Mutual Fund inflows are somewhere around 200 billion a year, thats a little over 1.5% increase in market value.

MC, isn't there kind of a multiplier effect on that $200 mil? That money comes in and bids up stocks that those funds are buying. The sellers of those shares turn around and buy other stocks, bidding them up as well. Since all shares are revalued upward based on the last transaction, the $200 mil of new money could cause the overall market to rise by much more than $200 mil. More simply, if Yahoo, at $100, is worth $5 billion in total (just using round numbers folks) and some genius fund manager decides to put $10 mil of new money into it, driving the price up by $1, the market value of Yahoo rises by $50 mil or five times the amount of new money.

Of course, the shareholders who held rather than selling to this fund manager only feel richer. The ones who actually sold really are richer.

The flip side, of course, is that if money stops entering the market or actually leaves the market, the game is up. Consider that mutual funds are holding record low levels of cash, so if investors start to get nervous and pull a few bucks out, they would have to start selling to meet redemptions. In addition, there's a lot more to worry about than whether small investors are putting money into mutual funds.
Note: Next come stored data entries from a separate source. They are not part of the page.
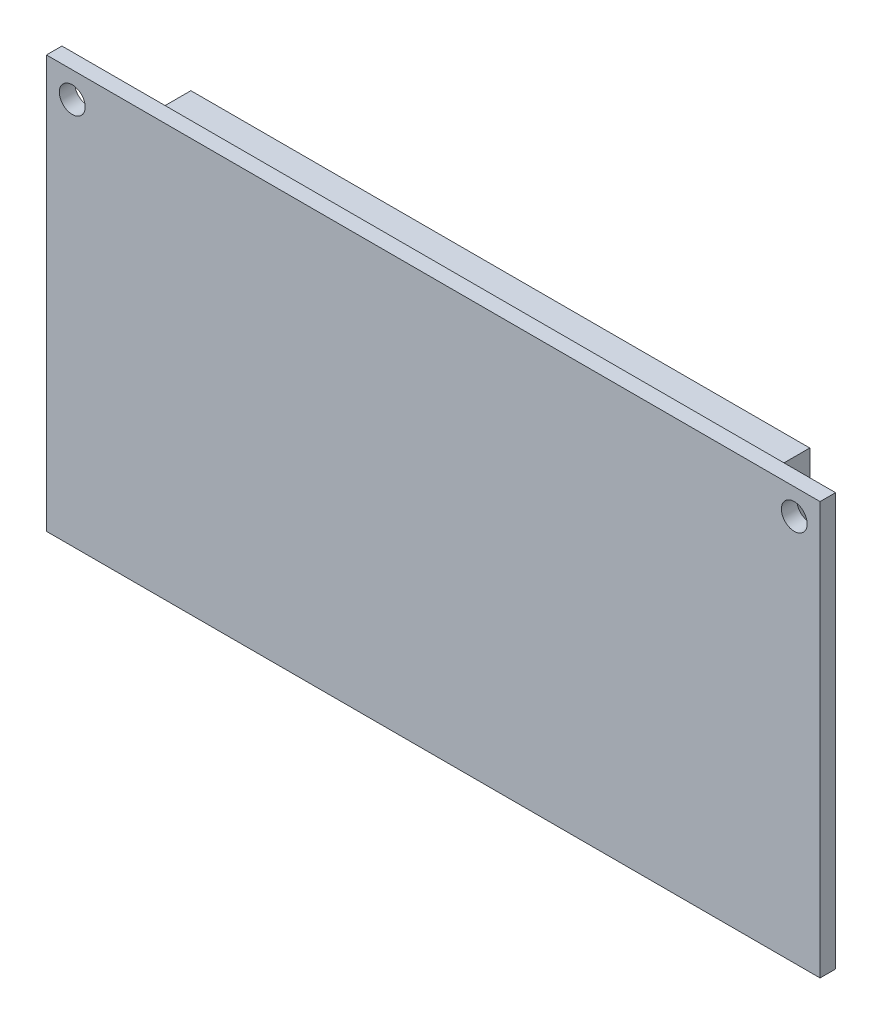
ISO-10303-21;
HEADER;
FILE_DESCRIPTION(('STEP AP214'),'2;1');
FILE_NAME('part.step','',(''),(''),'','','');
FILE_SCHEMA(('AUTOMOTIVE_DESIGN { 1 0 10303 214 1 1 1 1 }'));
ENDSEC;
DATA;
#1=APPLICATION_CONTEXT('core data for automotive mechanical design processes');
#2=APPLICATION_PROTOCOL_DEFINITION('international standard','automotive_design',2000,#1);
#3=PRODUCT_CONTEXT('',#1,'mechanical');
#4=PRODUCT('Part','Part','',(#3));
#5=PRODUCT_RELATED_PRODUCT_CATEGORY('part','',(#4));
#6=PRODUCT_DEFINITION_FORMATION('','',#4);
#7=PRODUCT_DEFINITION_CONTEXT('part definition',#1,'design');
#8=PRODUCT_DEFINITION('design','',#6,#7);
#9=PRODUCT_DEFINITION_SHAPE('','',#8);
#10=(LENGTH_UNIT() NAMED_UNIT(*) SI_UNIT(.MILLI.,.METRE.));
#11=(NAMED_UNIT(*) PLANE_ANGLE_UNIT() SI_UNIT($,.RADIAN.));
#12=(NAMED_UNIT(*) SI_UNIT($,.STERADIAN.) SOLID_ANGLE_UNIT());
#13=UNCERTAINTY_MEASURE_WITH_UNIT(LENGTH_MEASURE(1.E-05),#10,'distance_accuracy_value','');
#14=(GEOMETRIC_REPRESENTATION_CONTEXT(3) GLOBAL_UNCERTAINTY_ASSIGNED_CONTEXT((#13)) GLOBAL_UNIT_ASSIGNED_CONTEXT((#10,
#11,#12)) REPRESENTATION_CONTEXT('',''));
#15=CARTESIAN_POINT('',(0.,0.,0.));
#16=DIRECTION('',(0.,0.,1.));
#17=DIRECTION('',(1.,0.,0.));
#18=AXIS2_PLACEMENT_3D('',#15,#16,#17);
#19=CARTESIAN_POINT('',(0.,0.,0.));
#20=DIRECTION('',(0.,0.,1.));
#21=DIRECTION('',(1.,0.,0.));
#22=AXIS2_PLACEMENT_3D('',#19,#20,#21);
#23=PLANE('',#22);
#24=CARTESIAN_POINT('',(-8.61877519595136,65.2421631901448,0.));
#25=DIRECTION('',(0.,0.,-1.));
#26=DIRECTION('',(-1.,0.,0.));
#27=AXIS2_PLACEMENT_3D('',#24,#25,#26);
#28=CIRCLE('',#27,2.5);
#29=CARTESIAN_POINT('',(-11.1187751959514,65.2421631901448,0.));
#30=VERTEX_POINT('',#29);
#31=EDGE_CURVE('E341',#30,#30,#28,.T.);
#32=ORIENTED_EDGE('',*,*,#31,.F.);
#33=EDGE_LOOP('',(#32));
#34=FACE_BOUND('',#33,.T.);
#35=CARTESIAN_POINT('',(131.381224804049,65.2421631901448,0.));
#36=DIRECTION('',(0.,0.,-1.));
#37=DIRECTION('',(-1.,0.,0.));
#38=AXIS2_PLACEMENT_3D('',#35,#36,#37);
#39=CIRCLE('',#38,2.5);
#40=CARTESIAN_POINT('',(128.881224804049,65.2421631901448,0.));
#41=VERTEX_POINT('',#40);
#42=EDGE_CURVE('E190',#41,#41,#39,.T.);
#43=ORIENTED_EDGE('',*,*,#42,.F.);
#44=EDGE_LOOP('',(#43));
#45=FACE_BOUND('',#44,.T.);
#46=DIRECTION('',(-1.,0.,0.));
#47=VECTOR('',#46,1.);
#48=CARTESIAN_POINT('',(116.381224804049,-2.00783680985524,0.));
#49=LINE('',#48,#47);
#50=CARTESIAN_POINT('',(124.381224804049,-2.00783680985523,0.));
#51=VERTEX_POINT('',#50);
#52=CARTESIAN_POINT('',(116.381224804049,-2.00783680985524,0.));
#53=VERTEX_POINT('',#52);
#54=EDGE_CURVE('E69',#51,#53,#49,.T.);
#55=ORIENTED_EDGE('',*,*,#54,.F.);
#56=DIRECTION('',(0.,-1.,0.));
#57=VECTOR('',#56,1.);
#58=CARTESIAN_POINT('',(124.381224804049,19.2421631901448,0.));
#59=LINE('',#58,#57);
#60=CARTESIAN_POINT('',(124.381224804049,40.4921631901448,0.));
#61=VERTEX_POINT('',#60);
#62=EDGE_CURVE('E218',#61,#51,#59,.T.);
#63=ORIENTED_EDGE('',*,*,#62,.F.);
#64=DIRECTION('',(1.,0.,0.));
#65=VECTOR('',#64,1.);
#66=CARTESIAN_POINT('',(124.381224804049,40.4921631901448,0.));
#67=LINE('',#66,#65);
#68=CARTESIAN_POINT('',(116.381224804049,40.4921631901448,0.));
#69=VERTEX_POINT('',#68);
#70=EDGE_CURVE('E233',#69,#61,#67,.T.);
#71=ORIENTED_EDGE('',*,*,#70,.F.);
#72=DIRECTION('',(0.,-1.,0.));
#73=VECTOR('',#72,1.);
#74=CARTESIAN_POINT('',(116.381224804049,0.,0.));
#75=LINE('',#74,#73);
#76=CARTESIAN_POINT('',(116.381224804049,60.2421631901448,0.));
#77=VERTEX_POINT('',#76);
#78=EDGE_CURVE('E273',#77,#69,#75,.T.);
#79=ORIENTED_EDGE('',*,*,#78,.F.);
#80=DIRECTION('',(-1.,0.,0.));
#81=VECTOR('',#80,1.);
#82=CARTESIAN_POINT('',(0.,60.2421631901448,0.));
#83=LINE('',#82,#81);
#84=CARTESIAN_POINT('',(-3.61877519595136,60.2421631901448,0.));
#85=VERTEX_POINT('',#84);
#86=EDGE_CURVE('E253',#77,#85,#83,.T.);
#87=ORIENTED_EDGE('',*,*,#86,.T.);
#88=DIRECTION('',(0.,-1.,0.));
#89=VECTOR('',#88,1.);
#90=CARTESIAN_POINT('',(-3.61877519595136,0.,0.));
#91=LINE('',#90,#89);
#92=CARTESIAN_POINT('',(-3.61877519595136,-9.75783680985523,0.));
#93=VERTEX_POINT('',#92);
#94=EDGE_CURVE('E259',#85,#93,#91,.T.);
#95=ORIENTED_EDGE('',*,*,#94,.T.);
#96=DIRECTION('',(1.,0.,0.));
#97=VECTOR('',#96,1.);
#98=CARTESIAN_POINT('',(-13.6187751959514,-9.75783680985523,0.));
#99=LINE('',#98,#97);
#100=CARTESIAN_POINT('',(-13.6187751959514,-9.75783680985523,0.));
#101=VERTEX_POINT('',#100);
#102=EDGE_CURVE('E314',#101,#93,#99,.T.);
#103=ORIENTED_EDGE('',*,*,#102,.F.);
#104=DIRECTION('',(0.,-1.,0.));
#105=VECTOR('',#104,1.);
#106=CARTESIAN_POINT('',(-13.6187751959514,70.2421631901448,0.));
#107=LINE('',#106,#105);
#108=CARTESIAN_POINT('',(-13.6187751959514,70.2421631901448,0.));
#109=VERTEX_POINT('',#108);
#110=EDGE_CURVE('E294',#109,#101,#107,.T.);
#111=ORIENTED_EDGE('',*,*,#110,.F.);
#112=DIRECTION('',(-1.,0.,0.));
#113=VECTOR('',#112,1.);
#114=CARTESIAN_POINT('',(-13.6187751959514,70.2421631901448,0.));
#115=LINE('',#114,#113);
#116=CARTESIAN_POINT('',(136.381224804049,70.2421631901448,0.));
#117=VERTEX_POINT('',#116);
#118=EDGE_CURVE('E300',#117,#109,#115,.T.);
#119=ORIENTED_EDGE('',*,*,#118,.F.);
#120=DIRECTION('',(0.,1.,0.));
#121=VECTOR('',#120,1.);
#122=CARTESIAN_POINT('',(136.381224804049,70.2421631901448,0.));
#123=LINE('',#122,#121);
#124=CARTESIAN_POINT('',(136.381224804049,-9.75783680985523,0.));
#125=VERTEX_POINT('',#124);
#126=EDGE_CURVE('E318',#125,#117,#123,.T.);
#127=ORIENTED_EDGE('',*,*,#126,.F.);
#128=CARTESIAN_POINT('',(116.381224804049,-9.75783680985523,0.));
#129=VERTEX_POINT('',#128);
#130=EDGE_CURVE('E313',#129,#125,#99,.T.);
#131=ORIENTED_EDGE('',*,*,#130,.F.);
#132=EDGE_CURVE('E272',#53,#129,#75,.T.);
#133=ORIENTED_EDGE('',*,*,#132,.F.);
#134=EDGE_LOOP('',(#55,#63,#71,#79,#87,#95,#103,#111,#119,#127,#131,#133));
#135=FACE_BOUND('',#134,.T.);
#136=ADVANCED_FACE('F43',(#34,#45,#135),#23,.F.);
#137=CARTESIAN_POINT('',(116.381224804049,0.,-15.));
#138=DIRECTION('',(-1.,0.,0.));
#139=DIRECTION('',(0.,-1.,0.));
#140=AXIS2_PLACEMENT_3D('',#137,#138,#139);
#141=PLANE('',#140);
#142=DIRECTION('',(0.,0.,1.));
#143=VECTOR('',#142,1.);
#144=CARTESIAN_POINT('',(116.381224804049,-2.00783680985524,-5.));
#145=LINE('',#144,#143);
#146=CARTESIAN_POINT('',(116.381224804049,-2.00783680985524,-5.));
#147=VERTEX_POINT('',#146);
#148=EDGE_CURVE('E246',#147,#53,#145,.T.);
#149=ORIENTED_EDGE('',*,*,#148,.T.);
#150=ORIENTED_EDGE('',*,*,#132,.T.);
#151=DIRECTION('',(0.,0.,1.));
#152=VECTOR('',#151,1.);
#153=CARTESIAN_POINT('',(116.381224804049,-9.75783680985523,-15.));
#154=LINE('',#153,#152);
#155=CARTESIAN_POINT('',(116.381224804049,-9.75783680985523,-15.));
#156=VERTEX_POINT('',#155);
#157=EDGE_CURVE('E286',#156,#129,#154,.T.);
#158=ORIENTED_EDGE('',*,*,#157,.F.);
#159=DIRECTION('',(0.,-1.,0.));
#160=VECTOR('',#159,1.);
#161=CARTESIAN_POINT('',(116.381224804049,0.,-15.));
#162=LINE('',#161,#160);
#163=CARTESIAN_POINT('',(116.381224804049,60.2421631901448,-15.));
#164=VERTEX_POINT('',#163);
#165=EDGE_CURVE('E258',#164,#156,#162,.T.);
#166=ORIENTED_EDGE('',*,*,#165,.F.);
#167=DIRECTION('',(0.,0.,1.));
#168=VECTOR('',#167,1.);
#169=CARTESIAN_POINT('',(116.381224804049,60.2421631901448,-15.));
#170=LINE('',#169,#168);
#171=EDGE_CURVE('E290',#164,#77,#170,.T.);
#172=ORIENTED_EDGE('',*,*,#171,.T.);
#173=ORIENTED_EDGE('',*,*,#78,.T.);
#174=DIRECTION('',(0.,0.,1.));
#175=VECTOR('',#174,1.);
#176=CARTESIAN_POINT('',(116.381224804049,40.4921631901448,-5.));
#177=LINE('',#176,#175);
#178=CARTESIAN_POINT('',(116.381224804049,40.4921631901448,-5.));
#179=VERTEX_POINT('',#178);
#180=EDGE_CURVE('E242',#179,#69,#177,.T.);
#181=ORIENTED_EDGE('',*,*,#180,.F.);
#182=DIRECTION('',(0.,1.,0.));
#183=VECTOR('',#182,1.);
#184=CARTESIAN_POINT('',(116.381224804049,40.4921631901448,-5.));
#185=LINE('',#184,#183);
#186=EDGE_CURVE('E222',#147,#179,#185,.T.);
#187=ORIENTED_EDGE('',*,*,#186,.F.);
#188=EDGE_LOOP('',(#149,#150,#158,#166,#172,#173,#181,#187));
#189=FACE_BOUND('',#188,.T.);
#190=ADVANCED_FACE('F352',(#189),#141,.F.);
#191=CARTESIAN_POINT('',(-13.6187751959514,70.2421631901448,3.));
#192=DIRECTION('',(1.,0.,0.));
#193=DIRECTION('',(0.,1.,0.));
#194=AXIS2_PLACEMENT_3D('',#191,#192,#193);
#195=PLANE('',#194);
#196=ORIENTED_EDGE('',*,*,#110,.T.);
#197=DIRECTION('',(0.,0.,-1.));
#198=VECTOR('',#197,1.);
#199=CARTESIAN_POINT('',(-13.6187751959514,-9.75783680985523,3.));
#200=LINE('',#199,#198);
#201=CARTESIAN_POINT('',(-13.6187751959514,-9.75783680985523,3.));
#202=VERTEX_POINT('',#201);
#203=EDGE_CURVE('E11',#202,#101,#200,.T.);
#204=ORIENTED_EDGE('',*,*,#203,.F.);
#205=DIRECTION('',(0.,-1.,0.));
#206=VECTOR('',#205,1.);
#207=CARTESIAN_POINT('',(-13.6187751959514,70.2421631901448,3.));
#208=LINE('',#207,#206);
#209=CARTESIAN_POINT('',(-13.6187751959514,70.2421631901448,3.));
#210=VERTEX_POINT('',#209);
#211=EDGE_CURVE('E295',#210,#202,#208,.T.);
#212=ORIENTED_EDGE('',*,*,#211,.F.);
#213=DIRECTION('',(0.,0.,-1.));
#214=VECTOR('',#213,1.);
#215=CARTESIAN_POINT('',(-13.6187751959514,70.2421631901448,3.));
#216=LINE('',#215,#214);
#217=EDGE_CURVE('E309',#210,#109,#216,.T.);
#218=ORIENTED_EDGE('',*,*,#217,.T.);
#219=EDGE_LOOP('',(#196,#204,#212,#218));
#220=FACE_BOUND('',#219,.T.);
#221=ADVANCED_FACE('F45',(#220),#195,.F.);
#222=CARTESIAN_POINT('',(-13.6187751959514,-9.75783680985523,3.));
#223=DIRECTION('',(0.,1.,0.));
#224=DIRECTION('',(0.,0.,1.));
#225=AXIS2_PLACEMENT_3D('',#222,#223,#224);
#226=PLANE('',#225);
#227=ORIENTED_EDGE('',*,*,#102,.T.);
#228=DIRECTION('',(0.,0.,1.));
#229=VECTOR('',#228,1.);
#230=CARTESIAN_POINT('',(-3.61877519595136,-9.75783680985523,-15.));
#231=LINE('',#230,#229);
#232=CARTESIAN_POINT('',(-3.61877519595136,-9.75783680985523,-15.));
#233=VERTEX_POINT('',#232);
#234=EDGE_CURVE('E282',#233,#93,#231,.T.);
#235=ORIENTED_EDGE('',*,*,#234,.F.);
#236=DIRECTION('',(-1.,0.,0.));
#237=VECTOR('',#236,1.);
#238=CARTESIAN_POINT('',(0.,-9.75783680985523,-15.));
#239=LINE('',#238,#237);
#240=EDGE_CURVE('E262',#156,#233,#239,.T.);
#241=ORIENTED_EDGE('',*,*,#240,.F.);
#242=ORIENTED_EDGE('',*,*,#157,.T.);
#243=ORIENTED_EDGE('',*,*,#130,.T.);
#244=DIRECTION('',(0.,0.,-1.));
#245=VECTOR('',#244,1.);
#246=CARTESIAN_POINT('',(136.381224804049,-9.75783680985523,3.));
#247=LINE('',#246,#245);
#248=CARTESIAN_POINT('',(136.381224804049,-9.75783680985523,3.));
#249=VERTEX_POINT('',#248);
#250=EDGE_CURVE('E53',#249,#125,#247,.T.);
#251=ORIENTED_EDGE('',*,*,#250,.F.);
#252=DIRECTION('',(1.,0.,0.));
#253=VECTOR('',#252,1.);
#254=CARTESIAN_POINT('',(-13.6187751959514,-9.75783680985523,3.));
#255=LINE('',#254,#253);
#256=EDGE_CURVE('E299',#202,#249,#255,.T.);
#257=ORIENTED_EDGE('',*,*,#256,.F.);
#258=ORIENTED_EDGE('',*,*,#203,.T.);
#259=EDGE_LOOP('',(#227,#235,#241,#242,#243,#251,#257,#258));
#260=FACE_BOUND('',#259,.T.);
#261=ADVANCED_FACE('F369',(#260),#226,.F.);
#262=CARTESIAN_POINT('',(136.381224804049,70.2421631901448,3.));
#263=DIRECTION('',(-1.,0.,0.));
#264=DIRECTION('',(0.,0.,1.));
#265=AXIS2_PLACEMENT_3D('',#262,#263,#264);
#266=PLANE('',#265);
#267=ORIENTED_EDGE('',*,*,#126,.T.);
#268=DIRECTION('',(0.,0.,-1.));
#269=VECTOR('',#268,1.);
#270=CARTESIAN_POINT('',(136.381224804049,70.2421631901448,3.));
#271=LINE('',#270,#269);
#272=CARTESIAN_POINT('',(136.381224804049,70.2421631901448,3.));
#273=VERTEX_POINT('',#272);
#274=EDGE_CURVE('E326',#273,#117,#271,.T.);
#275=ORIENTED_EDGE('',*,*,#274,.F.);
#276=DIRECTION('',(0.,1.,0.));
#277=VECTOR('',#276,1.);
#278=CARTESIAN_POINT('',(136.381224804049,70.2421631901448,3.));
#279=LINE('',#278,#277);
#280=EDGE_CURVE('E303',#249,#273,#279,.T.);
#281=ORIENTED_EDGE('',*,*,#280,.F.);
#282=ORIENTED_EDGE('',*,*,#250,.T.);
#283=EDGE_LOOP('',(#267,#275,#281,#282));
#284=FACE_BOUND('',#283,.T.);
#285=ADVANCED_FACE('F366',(#284),#266,.F.);
#286=CARTESIAN_POINT('',(-13.6187751959514,70.2421631901448,3.));
#287=DIRECTION('',(0.,-1.,0.));
#288=DIRECTION('',(0.,0.,-1.));
#289=AXIS2_PLACEMENT_3D('',#286,#287,#288);
#290=PLANE('',#289);
#291=ORIENTED_EDGE('',*,*,#118,.T.);
#292=ORIENTED_EDGE('',*,*,#217,.F.);
#293=DIRECTION('',(-1.,0.,0.));
#294=VECTOR('',#293,1.);
#295=CARTESIAN_POINT('',(-13.6187751959514,70.2421631901448,3.));
#296=LINE('',#295,#294);
#297=EDGE_CURVE('E306',#273,#210,#296,.T.);
#298=ORIENTED_EDGE('',*,*,#297,.F.);
#299=ORIENTED_EDGE('',*,*,#274,.T.);
#300=EDGE_LOOP('',(#291,#292,#298,#299));
#301=FACE_BOUND('',#300,.T.);
#302=ADVANCED_FACE('F363',(#301),#290,.F.);
#303=CARTESIAN_POINT('',(0.,0.,3.));
#304=DIRECTION('',(0.,0.,1.));
#305=DIRECTION('',(1.,0.,0.));
#306=AXIS2_PLACEMENT_3D('',#303,#304,#305);
#307=PLANE('',#306);
#308=CARTESIAN_POINT('',(-8.61877519595136,65.2421631901448,3.));
#309=DIRECTION('',(0.,0.,1.));
#310=DIRECTION('',(1.,0.,0.));
#311=AXIS2_PLACEMENT_3D('',#308,#309,#310);
#312=CIRCLE('',#311,2.5);
#313=CARTESIAN_POINT('',(-6.11877519595136,65.2421631901448,3.));
#314=VERTEX_POINT('',#313);
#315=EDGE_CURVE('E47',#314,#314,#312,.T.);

Individuals investors, other types of institutions that may take the prudent man rule more seriously, or foreign investors could all sell stocks at any time, regardless of whether new money is going into funds and fund managers keep immediately deploying it.

That marginal demand could easily become supply and suddenly wealth starts evaporating a whole lot faster than people are actually taking money out. People get the next statement on their 401-k plans and see it shrink, then see what happens. It feeds on itself just like on the way up. And remember, out of the whole economy, $200 bil is a relatively small sum and there are plenty of other places it can go besides the stock market. Just a very small marginal change and the supply/demand balance shifts.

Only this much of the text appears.